• Increased levels of sCD19 protein in the CSF are associated with CNS disease in DLBCL and BL patients at risk of CNS lymphoma.

  • Presence of lymphoma cells by FCM and/or increased CSF sCD19 levels are related with a poorer EFS and/or OS in DLBCL and BL patients.

Flow cytometry (FCM) is more sensitive than conventional cytology for detection of occult leptomeningeal lymphoma; however, some FCM-negative patients show central nervous system (CNS) recurrence. Here, we evaluated the cerebrospinal fluid (CSF) levels of 13 B-cell–associated markers and their contribution to the diagnosis of CNS lymphoma in 91 diffuse large B-cell lymphomas (DLBCL) and 22 Burkitt lymphomas (BLs). From all markers tested, CD19 was the most informative. Thus, higher soluble CD19 (sCD19) levels were associated with a greater frequency of neurological symptoms in DLBCL and BL and with parenchymal CNS lymphoma in DLBCL; sCD19 emerged as a powerful predictor of event-free and overall survival in DLBCL and BL, particularly when combined with FCM detection of CNS disease. These results support the utility of combined FCM detection of lymphoma cells and assessment of sCD19 levels in CSF, for more accurate identification of CNS disease in DLBCL and BL patients.

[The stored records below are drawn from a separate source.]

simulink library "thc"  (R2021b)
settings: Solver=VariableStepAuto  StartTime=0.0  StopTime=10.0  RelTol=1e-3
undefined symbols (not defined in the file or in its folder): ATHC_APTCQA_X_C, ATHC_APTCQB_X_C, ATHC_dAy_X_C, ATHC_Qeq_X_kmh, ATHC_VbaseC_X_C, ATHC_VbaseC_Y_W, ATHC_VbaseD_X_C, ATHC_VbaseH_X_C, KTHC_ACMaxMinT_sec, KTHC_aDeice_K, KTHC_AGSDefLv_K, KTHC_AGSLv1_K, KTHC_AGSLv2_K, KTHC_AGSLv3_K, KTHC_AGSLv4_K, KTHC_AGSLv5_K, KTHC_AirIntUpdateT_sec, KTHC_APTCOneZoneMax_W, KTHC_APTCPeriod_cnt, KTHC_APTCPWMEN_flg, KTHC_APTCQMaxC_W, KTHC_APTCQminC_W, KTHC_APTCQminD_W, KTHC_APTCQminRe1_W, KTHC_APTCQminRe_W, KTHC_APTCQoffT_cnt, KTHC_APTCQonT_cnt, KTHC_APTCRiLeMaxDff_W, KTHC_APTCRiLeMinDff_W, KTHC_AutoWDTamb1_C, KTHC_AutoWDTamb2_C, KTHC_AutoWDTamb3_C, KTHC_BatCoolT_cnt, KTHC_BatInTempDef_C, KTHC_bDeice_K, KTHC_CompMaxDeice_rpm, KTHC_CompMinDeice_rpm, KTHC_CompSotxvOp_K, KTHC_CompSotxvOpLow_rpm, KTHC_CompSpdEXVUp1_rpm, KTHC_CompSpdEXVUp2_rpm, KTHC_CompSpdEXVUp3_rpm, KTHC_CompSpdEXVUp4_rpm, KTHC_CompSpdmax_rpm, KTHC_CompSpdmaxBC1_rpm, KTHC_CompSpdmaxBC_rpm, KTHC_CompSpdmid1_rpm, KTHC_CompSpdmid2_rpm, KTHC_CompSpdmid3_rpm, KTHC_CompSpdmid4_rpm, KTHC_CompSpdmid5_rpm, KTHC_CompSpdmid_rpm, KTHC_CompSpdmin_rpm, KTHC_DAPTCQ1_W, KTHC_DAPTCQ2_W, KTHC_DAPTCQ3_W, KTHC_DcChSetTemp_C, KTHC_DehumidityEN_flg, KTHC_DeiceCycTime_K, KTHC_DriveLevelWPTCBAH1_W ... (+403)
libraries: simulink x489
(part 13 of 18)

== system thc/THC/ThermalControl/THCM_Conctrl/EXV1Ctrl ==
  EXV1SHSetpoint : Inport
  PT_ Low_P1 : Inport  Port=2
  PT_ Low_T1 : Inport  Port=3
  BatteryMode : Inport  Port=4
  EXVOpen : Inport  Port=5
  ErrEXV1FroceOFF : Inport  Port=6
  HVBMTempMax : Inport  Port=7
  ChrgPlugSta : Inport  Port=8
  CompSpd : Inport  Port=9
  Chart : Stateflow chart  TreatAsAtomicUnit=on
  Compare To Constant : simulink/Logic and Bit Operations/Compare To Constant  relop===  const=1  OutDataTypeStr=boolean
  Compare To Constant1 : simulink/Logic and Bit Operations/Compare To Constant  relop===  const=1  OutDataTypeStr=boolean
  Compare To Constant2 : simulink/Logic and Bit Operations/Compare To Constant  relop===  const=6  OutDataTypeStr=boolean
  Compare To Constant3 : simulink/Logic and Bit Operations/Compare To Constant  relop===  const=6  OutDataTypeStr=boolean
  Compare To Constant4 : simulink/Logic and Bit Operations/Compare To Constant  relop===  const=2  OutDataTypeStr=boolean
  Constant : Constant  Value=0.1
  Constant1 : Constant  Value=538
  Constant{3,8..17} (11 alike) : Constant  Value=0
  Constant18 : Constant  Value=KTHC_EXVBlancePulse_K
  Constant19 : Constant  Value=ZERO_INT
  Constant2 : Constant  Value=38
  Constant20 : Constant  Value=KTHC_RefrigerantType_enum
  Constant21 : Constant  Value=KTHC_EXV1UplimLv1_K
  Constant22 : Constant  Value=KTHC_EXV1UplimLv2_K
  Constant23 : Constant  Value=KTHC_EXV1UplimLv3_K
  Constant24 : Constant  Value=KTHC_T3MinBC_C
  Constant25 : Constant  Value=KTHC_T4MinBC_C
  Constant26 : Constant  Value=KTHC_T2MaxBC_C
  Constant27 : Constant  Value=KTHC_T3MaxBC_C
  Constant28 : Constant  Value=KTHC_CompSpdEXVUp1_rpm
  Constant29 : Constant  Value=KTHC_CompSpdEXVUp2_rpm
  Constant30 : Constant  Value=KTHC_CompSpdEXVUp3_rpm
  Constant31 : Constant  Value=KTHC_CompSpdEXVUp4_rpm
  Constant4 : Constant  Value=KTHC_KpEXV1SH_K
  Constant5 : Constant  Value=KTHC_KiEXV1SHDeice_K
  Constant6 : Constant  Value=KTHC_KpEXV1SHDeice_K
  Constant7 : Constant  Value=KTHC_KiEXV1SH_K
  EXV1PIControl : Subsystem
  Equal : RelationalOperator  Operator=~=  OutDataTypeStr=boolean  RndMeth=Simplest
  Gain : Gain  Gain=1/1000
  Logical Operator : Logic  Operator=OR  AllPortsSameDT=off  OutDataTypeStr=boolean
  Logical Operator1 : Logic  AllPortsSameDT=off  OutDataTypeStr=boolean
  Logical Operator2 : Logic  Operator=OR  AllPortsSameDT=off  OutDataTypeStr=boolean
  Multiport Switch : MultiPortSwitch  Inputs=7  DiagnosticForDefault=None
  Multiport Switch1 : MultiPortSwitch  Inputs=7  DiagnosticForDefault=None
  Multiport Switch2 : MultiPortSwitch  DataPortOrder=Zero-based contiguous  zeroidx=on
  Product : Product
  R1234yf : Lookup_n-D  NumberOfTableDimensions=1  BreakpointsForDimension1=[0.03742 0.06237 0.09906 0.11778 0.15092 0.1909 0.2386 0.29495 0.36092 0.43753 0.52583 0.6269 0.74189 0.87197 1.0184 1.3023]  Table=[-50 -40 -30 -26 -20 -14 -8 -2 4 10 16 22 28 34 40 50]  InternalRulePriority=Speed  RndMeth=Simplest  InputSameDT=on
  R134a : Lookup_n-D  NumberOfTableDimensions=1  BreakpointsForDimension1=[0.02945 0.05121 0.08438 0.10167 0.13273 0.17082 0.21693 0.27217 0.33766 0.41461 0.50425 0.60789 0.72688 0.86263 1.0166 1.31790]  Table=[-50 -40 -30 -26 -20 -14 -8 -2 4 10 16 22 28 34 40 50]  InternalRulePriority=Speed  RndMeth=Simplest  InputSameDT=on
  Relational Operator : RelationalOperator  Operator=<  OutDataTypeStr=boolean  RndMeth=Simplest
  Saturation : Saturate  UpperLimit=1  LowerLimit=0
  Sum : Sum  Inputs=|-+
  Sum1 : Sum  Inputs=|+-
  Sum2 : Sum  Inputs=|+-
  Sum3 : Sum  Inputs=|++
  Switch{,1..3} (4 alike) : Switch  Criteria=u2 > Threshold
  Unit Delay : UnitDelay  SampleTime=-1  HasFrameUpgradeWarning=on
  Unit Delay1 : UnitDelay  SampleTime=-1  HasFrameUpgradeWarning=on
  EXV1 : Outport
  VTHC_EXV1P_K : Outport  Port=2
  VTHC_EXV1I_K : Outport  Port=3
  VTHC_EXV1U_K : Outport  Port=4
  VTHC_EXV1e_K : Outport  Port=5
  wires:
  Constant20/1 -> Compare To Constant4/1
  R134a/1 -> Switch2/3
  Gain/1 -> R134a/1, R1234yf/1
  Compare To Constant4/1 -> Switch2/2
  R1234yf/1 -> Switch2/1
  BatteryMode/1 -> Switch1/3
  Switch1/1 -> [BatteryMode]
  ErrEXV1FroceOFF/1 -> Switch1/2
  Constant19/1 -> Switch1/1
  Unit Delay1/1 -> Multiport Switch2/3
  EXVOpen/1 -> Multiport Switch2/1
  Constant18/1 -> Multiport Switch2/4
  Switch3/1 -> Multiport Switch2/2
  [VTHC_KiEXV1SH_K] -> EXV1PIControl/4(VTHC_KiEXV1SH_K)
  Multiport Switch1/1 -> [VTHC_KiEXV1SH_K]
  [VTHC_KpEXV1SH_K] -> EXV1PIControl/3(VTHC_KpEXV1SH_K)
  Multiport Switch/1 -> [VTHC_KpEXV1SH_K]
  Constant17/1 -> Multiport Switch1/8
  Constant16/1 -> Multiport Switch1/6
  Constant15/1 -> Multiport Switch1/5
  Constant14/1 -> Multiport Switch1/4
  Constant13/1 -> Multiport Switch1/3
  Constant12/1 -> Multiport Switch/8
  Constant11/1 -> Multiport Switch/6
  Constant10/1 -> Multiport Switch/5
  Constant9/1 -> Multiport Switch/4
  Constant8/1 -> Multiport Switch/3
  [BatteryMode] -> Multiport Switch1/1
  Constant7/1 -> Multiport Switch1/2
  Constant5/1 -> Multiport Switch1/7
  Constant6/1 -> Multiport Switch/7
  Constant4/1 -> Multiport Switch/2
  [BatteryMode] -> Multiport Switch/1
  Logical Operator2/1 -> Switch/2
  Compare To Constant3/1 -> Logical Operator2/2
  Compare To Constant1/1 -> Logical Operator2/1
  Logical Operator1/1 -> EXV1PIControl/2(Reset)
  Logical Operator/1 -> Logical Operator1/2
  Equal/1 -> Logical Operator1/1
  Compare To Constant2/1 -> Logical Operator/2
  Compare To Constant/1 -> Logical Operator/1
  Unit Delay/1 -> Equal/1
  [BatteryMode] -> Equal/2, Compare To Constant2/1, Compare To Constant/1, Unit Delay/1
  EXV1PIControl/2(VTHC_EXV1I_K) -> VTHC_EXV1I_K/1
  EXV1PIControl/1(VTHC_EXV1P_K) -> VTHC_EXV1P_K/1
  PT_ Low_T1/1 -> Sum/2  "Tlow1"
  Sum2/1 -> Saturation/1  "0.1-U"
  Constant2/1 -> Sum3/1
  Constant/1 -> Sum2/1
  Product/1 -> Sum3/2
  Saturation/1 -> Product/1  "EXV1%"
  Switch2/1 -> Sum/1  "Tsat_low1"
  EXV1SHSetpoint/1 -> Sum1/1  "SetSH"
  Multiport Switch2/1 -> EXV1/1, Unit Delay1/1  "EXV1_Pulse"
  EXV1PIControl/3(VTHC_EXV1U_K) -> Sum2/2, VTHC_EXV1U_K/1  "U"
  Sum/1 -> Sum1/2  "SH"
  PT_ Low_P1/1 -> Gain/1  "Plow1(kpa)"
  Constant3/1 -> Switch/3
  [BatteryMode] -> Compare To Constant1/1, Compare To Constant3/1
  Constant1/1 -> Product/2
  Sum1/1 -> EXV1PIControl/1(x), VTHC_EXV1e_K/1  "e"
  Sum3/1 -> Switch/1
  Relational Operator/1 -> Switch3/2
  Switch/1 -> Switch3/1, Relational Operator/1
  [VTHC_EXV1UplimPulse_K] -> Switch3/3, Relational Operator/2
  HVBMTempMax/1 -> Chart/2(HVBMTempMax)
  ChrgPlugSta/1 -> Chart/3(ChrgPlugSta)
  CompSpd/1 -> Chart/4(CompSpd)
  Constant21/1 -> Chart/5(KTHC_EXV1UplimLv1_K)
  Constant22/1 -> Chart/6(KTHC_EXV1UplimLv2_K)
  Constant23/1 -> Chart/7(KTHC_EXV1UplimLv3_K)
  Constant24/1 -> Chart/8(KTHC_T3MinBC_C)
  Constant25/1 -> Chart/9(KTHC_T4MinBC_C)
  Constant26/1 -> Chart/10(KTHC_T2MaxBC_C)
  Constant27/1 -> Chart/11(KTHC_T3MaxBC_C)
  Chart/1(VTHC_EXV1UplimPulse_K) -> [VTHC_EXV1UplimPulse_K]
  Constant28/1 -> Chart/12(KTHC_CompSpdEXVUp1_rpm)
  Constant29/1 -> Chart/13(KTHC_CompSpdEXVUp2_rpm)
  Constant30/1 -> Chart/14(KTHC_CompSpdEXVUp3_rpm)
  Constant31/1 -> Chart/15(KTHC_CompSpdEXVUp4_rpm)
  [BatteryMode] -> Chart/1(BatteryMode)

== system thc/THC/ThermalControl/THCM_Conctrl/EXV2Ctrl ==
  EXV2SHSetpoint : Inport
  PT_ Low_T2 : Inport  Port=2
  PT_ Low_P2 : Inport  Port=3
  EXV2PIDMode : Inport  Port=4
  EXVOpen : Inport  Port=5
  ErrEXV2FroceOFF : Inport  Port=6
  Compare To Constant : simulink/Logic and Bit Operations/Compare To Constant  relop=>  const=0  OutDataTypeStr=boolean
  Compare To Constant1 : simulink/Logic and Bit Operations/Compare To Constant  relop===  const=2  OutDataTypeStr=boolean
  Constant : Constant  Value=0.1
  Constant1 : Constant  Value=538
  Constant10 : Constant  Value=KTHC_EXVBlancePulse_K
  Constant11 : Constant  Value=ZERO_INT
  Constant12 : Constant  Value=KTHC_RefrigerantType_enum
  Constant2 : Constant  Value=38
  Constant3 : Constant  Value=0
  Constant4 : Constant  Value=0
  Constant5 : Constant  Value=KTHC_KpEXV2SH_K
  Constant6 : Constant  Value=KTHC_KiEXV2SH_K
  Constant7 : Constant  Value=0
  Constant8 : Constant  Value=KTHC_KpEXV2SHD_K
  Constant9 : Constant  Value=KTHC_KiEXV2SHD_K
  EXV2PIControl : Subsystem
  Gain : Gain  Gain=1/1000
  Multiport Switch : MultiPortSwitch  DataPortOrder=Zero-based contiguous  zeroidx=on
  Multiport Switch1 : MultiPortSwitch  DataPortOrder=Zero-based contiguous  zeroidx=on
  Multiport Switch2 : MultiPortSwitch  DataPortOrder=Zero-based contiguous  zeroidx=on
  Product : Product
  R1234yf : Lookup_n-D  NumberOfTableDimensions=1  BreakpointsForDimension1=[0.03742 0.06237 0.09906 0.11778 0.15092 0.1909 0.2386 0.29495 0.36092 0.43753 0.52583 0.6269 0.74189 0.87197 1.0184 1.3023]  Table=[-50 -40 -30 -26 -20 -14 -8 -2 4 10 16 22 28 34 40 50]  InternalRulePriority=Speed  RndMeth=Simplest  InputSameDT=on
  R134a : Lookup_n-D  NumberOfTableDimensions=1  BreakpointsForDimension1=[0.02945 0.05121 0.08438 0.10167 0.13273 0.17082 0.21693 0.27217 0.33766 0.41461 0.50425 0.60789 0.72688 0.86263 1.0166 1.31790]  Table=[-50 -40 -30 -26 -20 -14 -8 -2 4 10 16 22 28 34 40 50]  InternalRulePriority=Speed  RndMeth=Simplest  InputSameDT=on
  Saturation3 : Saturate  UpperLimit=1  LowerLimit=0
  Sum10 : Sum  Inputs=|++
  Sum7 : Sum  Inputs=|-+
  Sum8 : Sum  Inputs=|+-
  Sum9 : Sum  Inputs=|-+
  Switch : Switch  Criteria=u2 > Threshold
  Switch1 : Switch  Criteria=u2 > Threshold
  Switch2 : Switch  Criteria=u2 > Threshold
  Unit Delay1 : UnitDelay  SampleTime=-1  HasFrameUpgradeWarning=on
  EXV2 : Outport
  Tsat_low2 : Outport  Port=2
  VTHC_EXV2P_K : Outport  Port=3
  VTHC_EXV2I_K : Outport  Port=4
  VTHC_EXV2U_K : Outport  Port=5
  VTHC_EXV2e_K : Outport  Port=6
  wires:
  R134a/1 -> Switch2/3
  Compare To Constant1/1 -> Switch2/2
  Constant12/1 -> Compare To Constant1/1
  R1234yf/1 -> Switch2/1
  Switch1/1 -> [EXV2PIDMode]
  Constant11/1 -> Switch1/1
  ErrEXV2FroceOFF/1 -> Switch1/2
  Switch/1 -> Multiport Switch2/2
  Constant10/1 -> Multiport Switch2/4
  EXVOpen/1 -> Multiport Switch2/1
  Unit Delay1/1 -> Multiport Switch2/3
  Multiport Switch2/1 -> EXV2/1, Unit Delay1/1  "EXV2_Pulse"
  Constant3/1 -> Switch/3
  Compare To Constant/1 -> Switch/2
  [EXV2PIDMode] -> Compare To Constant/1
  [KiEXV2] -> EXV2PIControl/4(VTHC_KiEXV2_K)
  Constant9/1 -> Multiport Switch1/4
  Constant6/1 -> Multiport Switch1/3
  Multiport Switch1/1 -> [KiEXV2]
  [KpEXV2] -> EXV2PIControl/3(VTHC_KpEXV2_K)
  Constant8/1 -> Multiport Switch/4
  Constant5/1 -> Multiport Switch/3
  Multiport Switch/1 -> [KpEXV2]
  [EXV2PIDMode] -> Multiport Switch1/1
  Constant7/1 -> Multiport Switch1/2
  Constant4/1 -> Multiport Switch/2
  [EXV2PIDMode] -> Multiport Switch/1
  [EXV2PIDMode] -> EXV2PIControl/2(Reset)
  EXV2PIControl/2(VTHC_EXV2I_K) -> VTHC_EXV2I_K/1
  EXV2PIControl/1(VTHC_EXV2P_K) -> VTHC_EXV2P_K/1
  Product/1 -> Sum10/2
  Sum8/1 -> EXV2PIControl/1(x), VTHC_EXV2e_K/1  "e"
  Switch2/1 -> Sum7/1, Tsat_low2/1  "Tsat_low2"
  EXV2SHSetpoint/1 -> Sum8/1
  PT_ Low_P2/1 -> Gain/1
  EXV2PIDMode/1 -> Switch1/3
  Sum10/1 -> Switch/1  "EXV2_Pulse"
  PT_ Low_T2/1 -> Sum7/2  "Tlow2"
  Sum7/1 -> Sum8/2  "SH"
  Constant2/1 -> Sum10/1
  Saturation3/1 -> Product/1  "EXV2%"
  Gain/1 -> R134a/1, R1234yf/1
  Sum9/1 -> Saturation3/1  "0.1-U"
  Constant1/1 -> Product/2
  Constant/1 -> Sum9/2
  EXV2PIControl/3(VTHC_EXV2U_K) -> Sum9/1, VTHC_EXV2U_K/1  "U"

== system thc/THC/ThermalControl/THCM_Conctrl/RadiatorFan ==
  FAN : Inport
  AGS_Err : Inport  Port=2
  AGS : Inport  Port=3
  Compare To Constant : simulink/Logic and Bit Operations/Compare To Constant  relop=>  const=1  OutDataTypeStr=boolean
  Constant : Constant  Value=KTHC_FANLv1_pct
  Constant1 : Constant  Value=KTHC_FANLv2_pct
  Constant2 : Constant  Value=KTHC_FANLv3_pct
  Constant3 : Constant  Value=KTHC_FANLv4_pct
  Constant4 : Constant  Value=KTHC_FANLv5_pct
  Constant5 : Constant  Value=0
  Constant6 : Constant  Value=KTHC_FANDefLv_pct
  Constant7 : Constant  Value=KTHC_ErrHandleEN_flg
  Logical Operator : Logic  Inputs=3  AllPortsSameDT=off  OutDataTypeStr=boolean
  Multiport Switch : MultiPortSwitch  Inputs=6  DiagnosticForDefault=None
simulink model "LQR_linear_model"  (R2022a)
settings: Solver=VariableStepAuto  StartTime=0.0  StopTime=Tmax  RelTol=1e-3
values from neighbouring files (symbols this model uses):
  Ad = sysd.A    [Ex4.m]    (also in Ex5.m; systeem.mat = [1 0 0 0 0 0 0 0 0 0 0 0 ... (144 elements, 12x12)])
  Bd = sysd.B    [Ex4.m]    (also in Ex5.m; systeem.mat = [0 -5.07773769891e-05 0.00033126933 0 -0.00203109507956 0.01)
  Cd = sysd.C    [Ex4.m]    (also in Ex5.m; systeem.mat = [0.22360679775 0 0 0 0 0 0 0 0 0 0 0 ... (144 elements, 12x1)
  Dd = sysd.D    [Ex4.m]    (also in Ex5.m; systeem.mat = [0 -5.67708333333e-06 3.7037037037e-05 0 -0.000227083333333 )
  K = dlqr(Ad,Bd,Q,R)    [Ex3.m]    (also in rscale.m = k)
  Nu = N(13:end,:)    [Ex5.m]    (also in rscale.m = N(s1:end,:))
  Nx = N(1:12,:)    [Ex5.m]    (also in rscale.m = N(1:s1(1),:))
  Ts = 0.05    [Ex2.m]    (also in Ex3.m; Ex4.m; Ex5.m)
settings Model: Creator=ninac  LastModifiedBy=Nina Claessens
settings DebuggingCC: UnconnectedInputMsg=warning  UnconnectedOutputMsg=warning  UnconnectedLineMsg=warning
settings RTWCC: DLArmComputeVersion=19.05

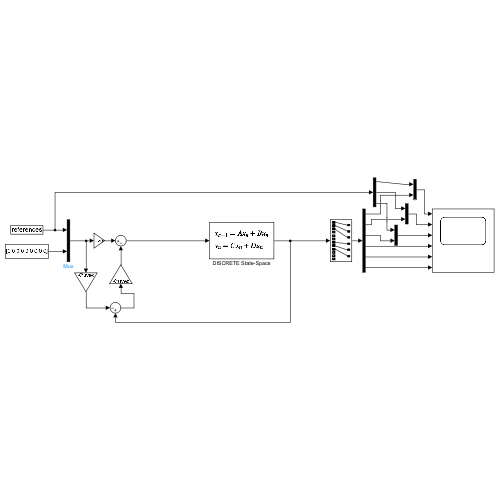
[thumbnail: Simulink's stored preview of the top-level diagram]
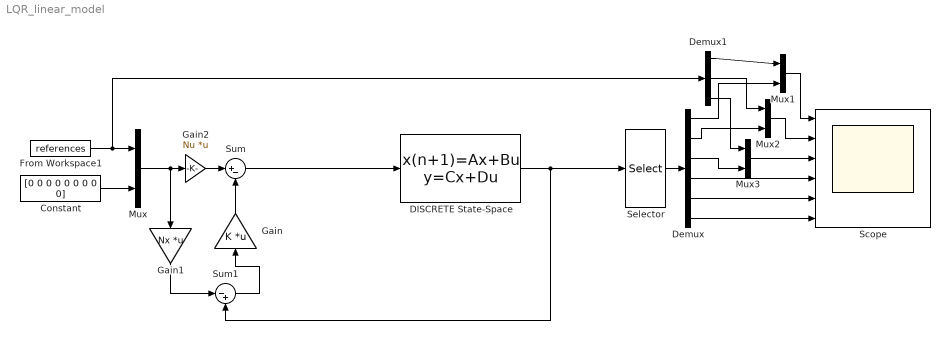
== system LQR_linear_model ==
  Constant : Constant  Value=[0 0 0 0 0 0 0 0 0]  SampleTime=Ts
  DISCRETE State-Space : DiscreteStateSpace  A=Ad  B=Bd  C=Cd  D=Dd  SampleTime=Ts
  Demux : Demux  Outputs=6
  Demux1 : Demux  Outputs=3
  From Workspace1 : FromWorkspace  VariableName=references  SampleTime=Ts  Interpolate=off  OutputAfterFinalValue=Holding final value
  Gain : Gain  Gain=K  Multiplication=Matrix(K*u) (u vector)
  Gain1 : Gain  Gain=Nx  Multiplication=Matrix(K*u) (u vector)
  Gain2 : Gain  Gain=Nu  Multiplication=Matrix(K*u) (u vector)
  Mux{,1..3} (4 alike) : Mux  Inputs=2
  Scope : Scope  NumInputPorts=6
  Selector : Selector  InputPortWidth=12  IndexOptions=Index vector (dialog)  Indices=[1 2 3 7 8 9]  OutputSizes=1
  Sum : Sum  Inputs=|+-
  Sum1 : Sum  Inputs=|-+
  wires:
  Mux/1 -> Gain1/1, Gain2/1
  DISCRETE State-Space/1 -> Sum1/2, Selector/1
  From Workspace1/1 -> Demux1/1, Mux/1
  Constant/1 -> Mux/2
  Selector/1 -> Demux/1
  Demux/1 -> Mux1/2
  Demux/2 -> Mux2/2
  Demux/3 -> Mux3/2
  Demux/4 -> Scope/4
  Demux/5 -> Scope/5
  Demux/6 -> Scope/6
  Demux1/1 -> Mux1/1
  Mux1/1 -> Scope/1
  Demux1/2 -> Mux2/1
  Mux2/1 -> Scope/2
  Demux1/3 -> Mux3/1
  Mux3/1 -> Scope/3
  Gain/1 -> Sum/2
  Sum/1 -> DISCRETE State-Space/1
  Sum1/1 -> Gain/1
  Gain1/1 -> Sum1/1
  Gain2/1 -> Sum/1

Primary or secondary central nervous system (CNS) involvement by B-cell non-Hodgkin lymphoma (B-NHL) is a relatively rare condition associated with a very poor prognosis.1,2  Currently, it is well established that flow cytometry (FCM) has a greater sensitivity than conventional cytology (CC) for the detection of cerebrospinal fluid (CSF) infiltration in Burkitt lymphoma (BL) and diffuse large B-cell lymphoma (DLBCL) patients at risk of CNS disease.3-7  However, still a significant proportion of FCM/CC cases (≈10%) present with highly suspicious neurological symptoms and/or parenchymal CNS disease.3,5,7  Moreover, recent data indicate that some FCM-negative cases may develop overt CNS disease early after diagnosis, particularly when CNS-directed prophylaxis had not been administrated (Wyndham H. Wilson, Jacoline E.C. Bromberg, Maryalice Stetler-Stevenson, Seth M. Steinberg, L.M.-M., C.M., J.-M.S., M.D.C., Marjan A. Davidis, Rik A. Brooimans, B.S.-G., A.S., E.G.-B., J.M.R., Margaret Shovlin, Armando Filie, Kieron Dunleavy, Thomas Mehrling, Michele Spina, and A.O., manuscript submitted December 2013).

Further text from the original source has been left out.